YOUR INSTRUCTIONS:
Could you repeat word for word only the lines from the one containing "#78=AXIS2_PLACEMENT_3D('',#75,#76,#77);" to the last line of the data below?

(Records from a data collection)

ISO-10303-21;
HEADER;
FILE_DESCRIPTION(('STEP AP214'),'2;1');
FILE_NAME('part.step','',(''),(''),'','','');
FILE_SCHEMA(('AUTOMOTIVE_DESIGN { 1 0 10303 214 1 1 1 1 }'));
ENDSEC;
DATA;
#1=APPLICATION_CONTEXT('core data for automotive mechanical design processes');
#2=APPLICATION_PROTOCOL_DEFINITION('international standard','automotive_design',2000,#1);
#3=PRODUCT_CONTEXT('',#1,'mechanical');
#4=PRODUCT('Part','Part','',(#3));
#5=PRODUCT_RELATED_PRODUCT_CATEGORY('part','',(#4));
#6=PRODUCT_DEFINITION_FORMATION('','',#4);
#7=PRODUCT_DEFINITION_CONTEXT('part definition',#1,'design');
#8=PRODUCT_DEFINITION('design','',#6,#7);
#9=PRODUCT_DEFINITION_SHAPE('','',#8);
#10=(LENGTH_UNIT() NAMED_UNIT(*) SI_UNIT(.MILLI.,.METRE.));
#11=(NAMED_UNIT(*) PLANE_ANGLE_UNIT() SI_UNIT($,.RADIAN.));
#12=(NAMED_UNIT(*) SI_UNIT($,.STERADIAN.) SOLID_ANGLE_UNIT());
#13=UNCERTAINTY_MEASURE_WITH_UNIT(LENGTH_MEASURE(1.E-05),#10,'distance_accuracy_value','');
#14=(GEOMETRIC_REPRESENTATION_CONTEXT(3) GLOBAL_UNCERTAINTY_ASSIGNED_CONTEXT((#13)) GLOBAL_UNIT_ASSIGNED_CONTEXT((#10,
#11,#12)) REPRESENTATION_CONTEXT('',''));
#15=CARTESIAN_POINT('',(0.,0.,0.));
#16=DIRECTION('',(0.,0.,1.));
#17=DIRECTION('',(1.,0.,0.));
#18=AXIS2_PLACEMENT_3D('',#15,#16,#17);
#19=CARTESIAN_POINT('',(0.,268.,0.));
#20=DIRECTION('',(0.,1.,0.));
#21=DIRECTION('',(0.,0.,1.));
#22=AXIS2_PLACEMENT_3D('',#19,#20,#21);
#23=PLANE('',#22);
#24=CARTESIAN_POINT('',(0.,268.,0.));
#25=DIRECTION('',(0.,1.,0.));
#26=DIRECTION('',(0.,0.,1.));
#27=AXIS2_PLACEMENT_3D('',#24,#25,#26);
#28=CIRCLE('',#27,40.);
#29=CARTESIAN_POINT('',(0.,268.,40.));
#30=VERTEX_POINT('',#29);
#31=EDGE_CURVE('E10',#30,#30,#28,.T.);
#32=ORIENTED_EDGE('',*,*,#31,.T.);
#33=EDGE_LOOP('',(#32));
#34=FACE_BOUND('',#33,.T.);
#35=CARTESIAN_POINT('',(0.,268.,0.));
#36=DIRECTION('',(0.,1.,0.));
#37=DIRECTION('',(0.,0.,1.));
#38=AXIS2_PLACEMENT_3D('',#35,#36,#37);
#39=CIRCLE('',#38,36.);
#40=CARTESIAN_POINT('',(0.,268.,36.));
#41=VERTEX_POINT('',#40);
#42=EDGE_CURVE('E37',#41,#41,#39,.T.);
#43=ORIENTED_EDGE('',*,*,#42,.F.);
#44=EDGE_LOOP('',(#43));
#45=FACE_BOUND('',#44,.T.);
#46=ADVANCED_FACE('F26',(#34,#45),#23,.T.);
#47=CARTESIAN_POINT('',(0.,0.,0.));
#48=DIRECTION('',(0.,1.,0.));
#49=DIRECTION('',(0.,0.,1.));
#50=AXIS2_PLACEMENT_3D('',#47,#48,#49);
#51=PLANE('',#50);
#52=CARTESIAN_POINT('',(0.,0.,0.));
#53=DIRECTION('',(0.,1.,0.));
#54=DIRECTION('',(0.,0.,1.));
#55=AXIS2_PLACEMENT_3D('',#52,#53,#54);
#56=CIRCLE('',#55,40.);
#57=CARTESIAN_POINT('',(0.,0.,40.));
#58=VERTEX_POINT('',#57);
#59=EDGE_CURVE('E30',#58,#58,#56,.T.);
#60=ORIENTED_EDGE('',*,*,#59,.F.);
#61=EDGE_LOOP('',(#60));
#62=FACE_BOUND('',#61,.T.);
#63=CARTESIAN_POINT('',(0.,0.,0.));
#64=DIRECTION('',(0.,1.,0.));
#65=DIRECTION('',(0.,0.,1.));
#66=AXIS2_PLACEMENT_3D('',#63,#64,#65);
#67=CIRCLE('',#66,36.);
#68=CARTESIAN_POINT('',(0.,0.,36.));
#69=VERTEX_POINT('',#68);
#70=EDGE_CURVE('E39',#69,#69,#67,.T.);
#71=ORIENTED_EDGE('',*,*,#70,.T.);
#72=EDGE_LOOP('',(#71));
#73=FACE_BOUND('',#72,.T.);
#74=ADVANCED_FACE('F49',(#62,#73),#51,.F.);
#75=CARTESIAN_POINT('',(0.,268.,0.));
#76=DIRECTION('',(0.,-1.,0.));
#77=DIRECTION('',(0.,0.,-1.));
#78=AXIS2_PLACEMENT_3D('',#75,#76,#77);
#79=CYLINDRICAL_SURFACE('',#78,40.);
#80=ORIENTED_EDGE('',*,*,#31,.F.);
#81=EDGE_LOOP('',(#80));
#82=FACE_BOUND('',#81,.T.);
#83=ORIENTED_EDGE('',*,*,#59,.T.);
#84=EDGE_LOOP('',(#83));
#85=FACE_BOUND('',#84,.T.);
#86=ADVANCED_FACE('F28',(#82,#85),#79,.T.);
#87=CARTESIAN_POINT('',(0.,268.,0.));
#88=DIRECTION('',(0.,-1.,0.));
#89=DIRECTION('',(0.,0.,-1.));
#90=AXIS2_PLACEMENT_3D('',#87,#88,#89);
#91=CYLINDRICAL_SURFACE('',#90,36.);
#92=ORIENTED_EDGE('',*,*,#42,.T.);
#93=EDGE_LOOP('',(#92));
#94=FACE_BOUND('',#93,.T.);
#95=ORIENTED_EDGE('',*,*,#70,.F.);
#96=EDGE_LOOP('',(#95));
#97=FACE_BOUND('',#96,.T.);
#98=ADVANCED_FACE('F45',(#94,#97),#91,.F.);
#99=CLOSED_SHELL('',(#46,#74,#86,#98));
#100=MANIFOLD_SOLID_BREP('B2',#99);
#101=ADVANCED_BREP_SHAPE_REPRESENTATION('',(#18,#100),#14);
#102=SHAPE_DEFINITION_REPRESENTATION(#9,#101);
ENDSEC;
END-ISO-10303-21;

OUTPUT FOR THIS TASK:
#78=AXIS2_PLACEMENT_3D('',#75,#76,#77);
#79=CYLINDRICAL_SURFACE('',#78,40.);
#80=ORIENTED_EDGE('',*,*,#31,.F.);
#81=EDGE_LOOP('',(#80));
#82=FACE_BOUND('',#81,.T.);
#83=ORIENTED_EDGE('',*,*,#59,.T.);
#84=EDGE_LOOP('',(#83));
#85=FACE_BOUND('',#84,.T.);
#86=ADVANCED_FACE('F28',(#82,#85),#79,.T.);
#87=CARTESIAN_POINT('',(0.,268.,0.));
#88=DIRECTION('',(0.,-1.,0.));
#89=DIRECTION('',(0.,0.,-1.));
#90=AXIS2_PLACEMENT_3D('',#87,#88,#89);
#91=CYLINDRICAL_SURFACE('',#90,36.);
#92=ORIENTED_EDGE('',*,*,#42,.T.);
#93=EDGE_LOOP('',(#92));
#94=FACE_BOUND('',#93,.T.);
#95=ORIENTED_EDGE('',*,*,#70,.F.);
#96=EDGE_LOOP('',(#95));
#97=FACE_BOUND('',#96,.T.);
#98=ADVANCED_FACE('F45',(#94,#97),#91,.F.);
#99=CLOSED_SHELL('',(#46,#74,#86,#98));
#100=MANIFOLD_SOLID_BREP('B2',#99);
#101=ADVANCED_BREP_SHAPE_REPRESENTATION('',(#18,#100),#14);
#102=SHAPE_DEFINITION_REPRESENTATION(#9,#101);
ENDSEC;
END-ISO-10303-21;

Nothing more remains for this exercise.